You're looking at 'func', the error is in 'walk'. Here is the top of 'walk':

  walk:
    push rbx
    mov rbx, rdi
    test esi, esi
    je .L3
    mov rdi, QWORD PTR [rdi]
    call walk
Note that esi = cleanup = 1 so the branch to .L3 is not taken, and the recursive call to 'walk' is taken. The crash will occur on the instruction before the call,

    mov rdi, QWORD PTR [rdi]
Because rdi = 0 on the second call to 'walk'.


Oh, yes, walk is still broken. I was focusing on func because you had added that and it coincidentally also had a white return statement.


Ok, this is the clarification I was seeking.


There's a deref of main.node and dereferencing null pointer is UB so it couldn't have been null?


Ouch, this is annoying. But it's a bug. Sometimes those happen, and they get fixed.

This is totally unlike the user hostility that results from playing gotcha with UB which has also resulted in removing null pointer checks. Those aren't bugs and don't get fixed.


[flagged]


Relax, it's an honest bug in open source software and they're working on fixing it (edit: they've already fixed it in trunk). What more do you expect?


[flagged]


This bug has nothing to do with undefined behavior, as many of the other commenters (including myself) have pointed out.


Only up to a point. This bug is a misfiring attempt at detecting undefined behavior to allow for optimizations. If we did not attempt to remove null pointer checks, that would have prevented this bug in GCC.

Hence, the practice of optimizing based on UB is relevant here, even if this was a compiler bug, rather than a compiler optimizing based on UB.


> This bug is a misfiring attempt at detecting undefined behavior to allow for optimizations.

It's closer to a conditional constant propagation that was accidentally applied unconditionally. The code was guarded by an if statement that asserted that a variable did not have a particular value, which lets the compiler delete further checks that the variable does or does not have the value. No UB behavior in play, unless you're complaining about the UB of "variables can't be changed unless the programmer changes them directly or indirectly."

If you pay attention to the change that introduced the bug--it was a change in the constant propagator that caused the bug.


> This bug is a misfiring attempt at detecting undefined behavior to allow for optimizations.

I don't think it is. It's the same as removing the conditional here:

  int foo = 1;
  if (foo) {
      // whatever
  }
The compiler (incorrectly) deduced that the pointer was non-NULL and removed the check because it saw it as unnecessary.


I'm curious why you think that? The origin is absolutely the usual exploitation of UB in the sense that the compiler supposes that code paths that are past one can be elided (because programmers never write bugs, that kind of interesting reasoning...)

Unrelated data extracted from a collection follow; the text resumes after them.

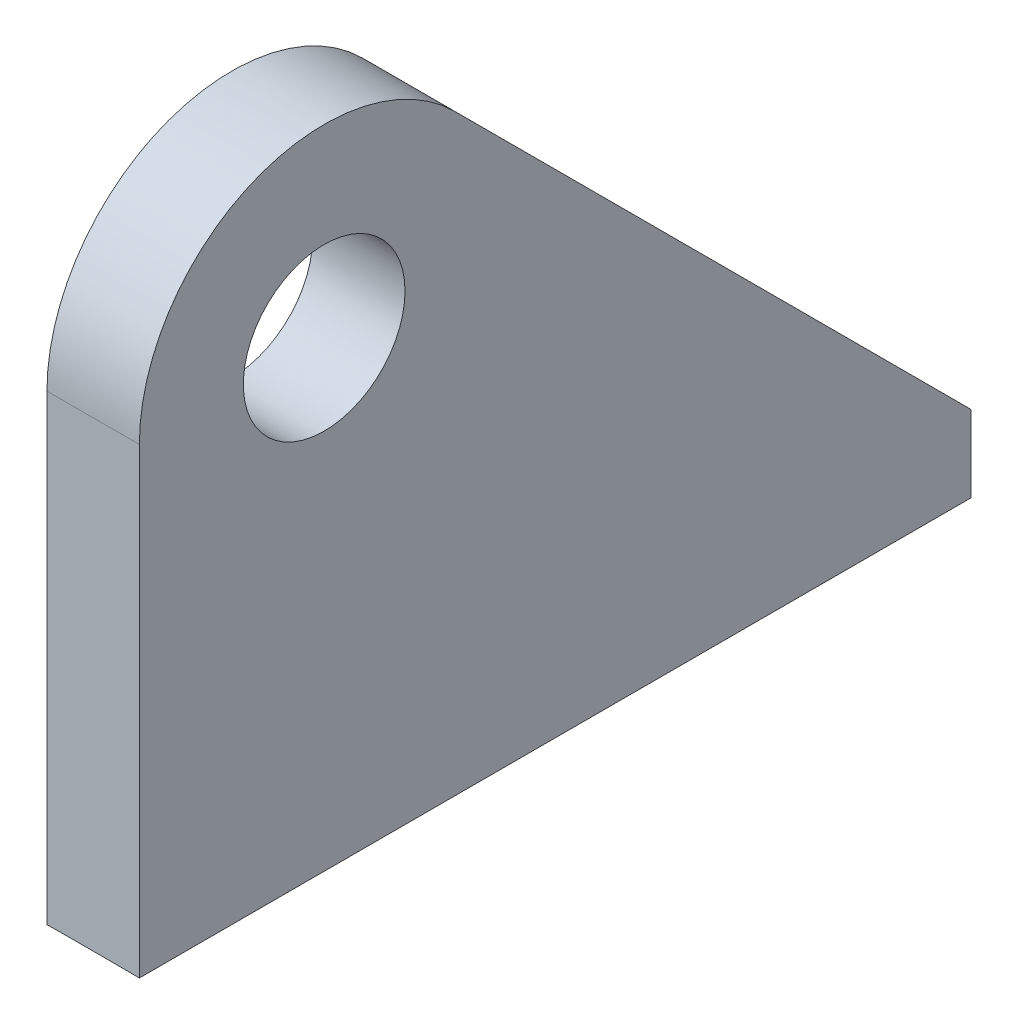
from build123d import *

# Parameters (mm, degrees)
SKETCH2_R           = 22.225
BOSS_EXTRUDE1_DEPTH = 12.7
SKETCH3_R           = 1524
CUT_EXTRUDE1_DEPTH  = 290.882890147


with BuildPart() as part:
    # Sketch2 → Boss-Extrude1 (new, symmetric)
    with BuildSketch(Plane(origin=(0, 0, 0), x_dir=(0, 0, -1), z_dir=(1, 0, 0))):
        with BuildLine():
            Line((0, 127), (0, 0))
            Line((0, 0), (228.6, 0))
            Line((228.6, 0), (228.6, 21.042048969))
            Line((228.6, 21.042048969), (86.721024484, 162.921024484))
            ThreePointArc((86.721024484, 162.921024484), (31.359681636, 173.933080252), (0, 127))
        make_face()
        with Locations((50.8, 127)):
            Circle(SKETCH2_R, mode=Mode.SUBTRACT)
    extrude(amount=BOSS_EXTRUDE1_DEPTH, both=True)

    # Sketch3 → Cut-Extrude1 (cut, through all)
    with BuildSketch(Plane.XY):
        with Locations((0, -1523.947082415)):
            Circle(SKETCH3_R)
    extrude(amount=-CUT_EXTRUDE1_DEPTH, mode=Mode.SUBTRACT)


solid = part.part
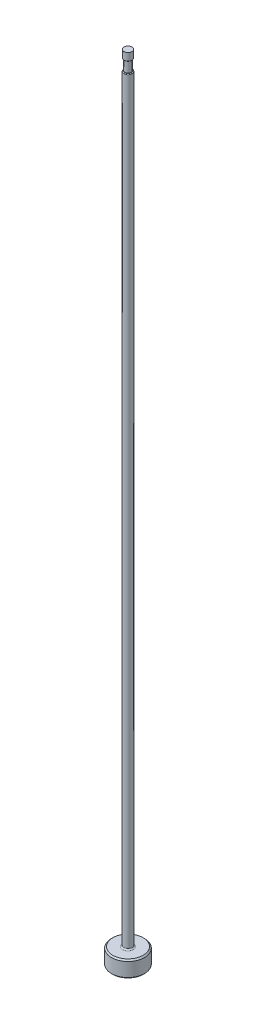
ISO-10303-21;
HEADER;
FILE_DESCRIPTION(('STEP AP214'),'2;1');
FILE_NAME('part.step','',(''),(''),'','','');
FILE_SCHEMA(('AUTOMOTIVE_DESIGN { 1 0 10303 214 1 1 1 1 }'));
ENDSEC;
DATA;
#1=APPLICATION_CONTEXT('core data for automotive mechanical design processes');
#2=APPLICATION_PROTOCOL_DEFINITION('international standard','automotive_design',2000,#1);
#3=PRODUCT_CONTEXT('',#1,'mechanical');
#4=PRODUCT('Part','Part','',(#3));
#5=PRODUCT_RELATED_PRODUCT_CATEGORY('part','',(#4));
#6=PRODUCT_DEFINITION_FORMATION('','',#4);
#7=PRODUCT_DEFINITION_CONTEXT('part definition',#1,'design');
#8=PRODUCT_DEFINITION('design','',#6,#7);
#9=PRODUCT_DEFINITION_SHAPE('','',#8);
#10=(LENGTH_UNIT() NAMED_UNIT(*) SI_UNIT(.MILLI.,.METRE.));
#11=(NAMED_UNIT(*) PLANE_ANGLE_UNIT() SI_UNIT($,.RADIAN.));
#12=(NAMED_UNIT(*) SI_UNIT($,.STERADIAN.) SOLID_ANGLE_UNIT());
#13=UNCERTAINTY_MEASURE_WITH_UNIT(LENGTH_MEASURE(1.E-05),#10,'distance_accuracy_value','');
#14=(GEOMETRIC_REPRESENTATION_CONTEXT(3) GLOBAL_UNCERTAINTY_ASSIGNED_CONTEXT((#13)) GLOBAL_UNIT_ASSIGNED_CONTEXT((#10,
#11,#12)) REPRESENTATION_CONTEXT('',''));
#15=CARTESIAN_POINT('',(0.,0.,0.));
#16=DIRECTION('',(0.,0.,1.));
#17=DIRECTION('',(1.,0.,0.));
#18=AXIS2_PLACEMENT_3D('',#15,#16,#17);
#19=CARTESIAN_POINT('',(-0.793749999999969,150.876,0.));
#20=DIRECTION('',(0.,1.,0.));
#21=DIRECTION('',(0.,0.,1.));
#22=AXIS2_PLACEMENT_3D('',#19,#20,#21);
#23=PLANE('',#22);
#24=CARTESIAN_POINT('',(0.,150.876,0.));
#25=DIRECTION('',(0.,1.,0.));
#26=DIRECTION('',(0.,0.,1.));
#27=AXIS2_PLACEMENT_3D('',#24,#25,#26);
#28=CIRCLE('',#27,0.641349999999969);
#29=CARTESIAN_POINT('',(0.,150.876,0.641349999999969));
#30=VERTEX_POINT('',#29);
#31=EDGE_CURVE('E11',#30,#30,#28,.F.);
#32=ORIENTED_EDGE('',*,*,#31,.T.);
#33=EDGE_LOOP('',(#32));
#34=FACE_BOUND('',#33,.T.);
#35=CARTESIAN_POINT('',(0.,150.876,0.));
#36=DIRECTION('',(0.,1.,0.));
#37=DIRECTION('',(0.,0.,1.));
#38=AXIS2_PLACEMENT_3D('',#35,#36,#37);
#39=CIRCLE('',#38,0.590549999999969);
#40=CARTESIAN_POINT('',(0.,150.876,0.590549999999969));
#41=VERTEX_POINT('',#40);
#42=EDGE_CURVE('E81',#41,#41,#39,.T.);
#43=ORIENTED_EDGE('',*,*,#42,.T.);
#44=EDGE_LOOP('',(#43));
#45=FACE_BOUND('',#44,.T.);
#46=ADVANCED_FACE('F39',(#34,#45),#23,.F.);
#47=CARTESIAN_POINT('',(0.,259.958771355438,0.));
#48=DIRECTION('',(0.,1.,0.));
#49=DIRECTION('',(0.,0.,1.));
#50=AXIS2_PLACEMENT_3D('',#47,#48,#49);
#51=CYLINDRICAL_SURFACE('',#50,0.793749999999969);
#52=DIRECTION('',(0.,1.,0.));
#53=VECTOR('',#52,1.);
#54=CARTESIAN_POINT('',(-0.590549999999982,259.958771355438,-0.530367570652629));
#55=LINE('',#54,#53);
#56=CARTESIAN_POINT('',(-0.590549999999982,148.717,-0.530367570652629));
#57=VERTEX_POINT('',#56);
#58=CARTESIAN_POINT('',(-0.590549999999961,86.36,-0.530367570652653));
#59=VERTEX_POINT('',#58);
#60=EDGE_CURVE('E76',#57,#59,#55,.F.);
#61=ORIENTED_EDGE('',*,*,#60,.F.);
#62=CARTESIAN_POINT('',(0.,148.717,0.));
#63=DIRECTION('',(0.,-1.,0.));
#64=DIRECTION('',(0.,0.,-1.));
#65=AXIS2_PLACEMENT_3D('',#62,#63,#64);
#66=CIRCLE('',#65,0.793749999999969);
#67=CARTESIAN_POINT('',(-0.590549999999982,148.717,0.530367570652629));
#68=VERTEX_POINT('',#67);
#69=EDGE_CURVE('E54',#57,#68,#66,.T.);
#70=ORIENTED_EDGE('',*,*,#69,.T.);
#71=DIRECTION('',(0.,1.,0.));
#72=VECTOR('',#71,1.);
#73=CARTESIAN_POINT('',(-0.590549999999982,259.958771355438,0.530367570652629));
#74=LINE('',#73,#72);
#75=CARTESIAN_POINT('',(-0.590549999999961,86.36,0.530367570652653));
#76=VERTEX_POINT('',#75);
#77=EDGE_CURVE('E87',#76,#68,#74,.T.);
#78=ORIENTED_EDGE('',*,*,#77,.F.);
#79=CARTESIAN_POINT('',(-0.590549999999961,86.36,-0.530367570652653));
#80=CARTESIAN_POINT('',(-0.59053917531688,86.3041966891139,-0.530314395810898));
#81=CARTESIAN_POINT('',(-0.592020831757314,86.2483728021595,-0.528725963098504));
#82=CARTESIAN_POINT('',(-0.597911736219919,86.1368205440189,-0.522091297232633));
#83=CARTESIAN_POINT('',(-0.60233497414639,86.0810939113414,-0.517028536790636));
#84=CARTESIAN_POINT('',(-0.614284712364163,85.9682022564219,-0.502771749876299));
#85=CARTESIAN_POINT('',(-0.62192823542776,85.9110688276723,-0.493420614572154));
#86=CARTESIAN_POINT('',(-0.640090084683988,85.7984288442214,-0.469629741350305));
#87=CARTESIAN_POINT('',(-0.650601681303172,85.7429188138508,-0.455201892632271));
#88=CARTESIAN_POINT('',(-0.672694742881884,85.6407751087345,-0.421752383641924));
#89=CARTESIAN_POINT('',(-0.684015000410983,85.5938538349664,-0.403447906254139));
#90=CARTESIAN_POINT('',(-0.70779345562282,85.503925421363,-0.360113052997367));
#91=CARTESIAN_POINT('',(-0.720238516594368,85.4608824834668,-0.335155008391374));
#92=CARTESIAN_POINT('',(-0.738199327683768,85.4028429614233,-0.292081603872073));
#93=CARTESIAN_POINT('',(-0.74383162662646,85.3852421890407,-0.277537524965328));
#94=CARTESIAN_POINT('',(-0.754779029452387,85.3519385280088,-0.246220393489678));
#95=CARTESIAN_POINT('',(-0.760093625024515,85.3362386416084,-0.229443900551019));
#96=CARTESIAN_POINT('',(-0.770096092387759,85.3073279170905,-0.193256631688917));
#97=CARTESIAN_POINT('',(-0.774774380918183,85.2941541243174,-0.173812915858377));
#98=CARTESIAN_POINT('',(-0.782879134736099,85.271678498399,-0.132572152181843));
#99=CARTESIAN_POINT('',(-0.786309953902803,85.2623631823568,-0.110783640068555));
#100=CARTESIAN_POINT('',(-0.790553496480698,85.2509260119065,-0.0728220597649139));
#101=CARTESIAN_POINT('',(-0.79185392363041,85.2474525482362,-0.0571082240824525));
#102=CARTESIAN_POINT('',(-0.793506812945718,85.2430442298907,-0.0252785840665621));
#103=CARTESIAN_POINT('',(-0.79385989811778,85.2421077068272,-0.00916305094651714));
#104=CARTESIAN_POINT('',(-0.793579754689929,85.2428527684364,0.0230049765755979));
#105=CARTESIAN_POINT('',(-0.792946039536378,85.2445356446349,0.0390574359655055));
#106=CARTESIAN_POINT('',(-0.790759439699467,85.250380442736,0.0706385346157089));
#107=CARTESIAN_POINT('',(-0.789205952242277,85.2545439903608,0.0861668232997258));
#108=CARTESIAN_POINT('',(-0.784847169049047,85.2663438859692,0.120053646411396));
#109=CARTESIAN_POINT('',(-0.781828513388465,85.2745809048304,0.138174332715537));
#110=CARTESIAN_POINT('',(-0.774926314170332,85.2937453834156,0.172744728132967));
#111=CARTESIAN_POINT('',(-0.771041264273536,85.3046775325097,0.189191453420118));
#112=CARTESIAN_POINT('',(-0.760742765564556,85.3342791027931,0.227766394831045));
#113=CARTESIAN_POINT('',(-0.754005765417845,85.3541551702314,0.248875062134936));
#114=CARTESIAN_POINT('',(-0.740079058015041,85.39684818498,0.287657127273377));
#115=CARTESIAN_POINT('',(-0.732888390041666,85.4196714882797,0.305322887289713));
#116=CARTESIAN_POINT('',(-0.713188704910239,85.4850259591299,0.349810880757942));
#117=CARTESIAN_POINT('',(-0.700707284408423,85.5295752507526,0.373653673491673));
#118=CARTESIAN_POINT('',(-0.677153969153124,85.6219372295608,0.414797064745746));
#119=CARTESIAN_POINT('',(-0.666086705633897,85.6697598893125,0.432076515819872));
#120=CARTESIAN_POINT('',(-0.646811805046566,85.7631939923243,0.460367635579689));
#121=CARTESIAN_POINT('',(-0.638441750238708,85.8086519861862,0.471784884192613));
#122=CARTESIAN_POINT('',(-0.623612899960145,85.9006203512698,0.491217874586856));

Except it has a bug (the irony :p ) in the logic that computes that, and actually elides more code paths than it should. That shows that their architecture to do that kind of dangerous transformation is fragile, and they are not able to guarantee that that kind of transformation is really restricted to buggy source code (which would even then still be a bad idea IMO, but that is another story).


There's no undefined behavior, though. The code provided is well formed: it passes NULL to a function that checks for it, and the NULL check is being removed erroneously because GCC thinks it's not necessary. Here's an explanation of the bug: https://news.ycombinator.com/item?id=20822378


Of course there is no UB in the source code. That makes the problem worse, not less bad... Non-nullness is inferred from 'node->child = NULL;' which would be UB would node be NULL. At this point the compiler thinks it is superfluous to check whether 'node' is null and start to propagates that, except it messes up.

It seems that it messes up extremely badly because even -fno-delete-null-pointer-checks does not seem to fix the issue :/


> Non-nullness is inferred from 'node->child = NULL;' which would be UB would node be NULL.

There’s also a dereference inside of walk, except it’s protected by a NULL check.


Yes I see that, I was not describing what the compiler should observe to work properly, I was describing the erroneous reasoning it was making prior to the fix. I should have written: non-nullness of 'node'.

And TBH I'm starting to be more concerned by the fact that fno-omit-null-pointer-checks did not suppress that codegen bug than by its existence in the first place...


> I was describing the erroneous reasoning it was making prior to the fix. I should have written: non-nullness of 'node'.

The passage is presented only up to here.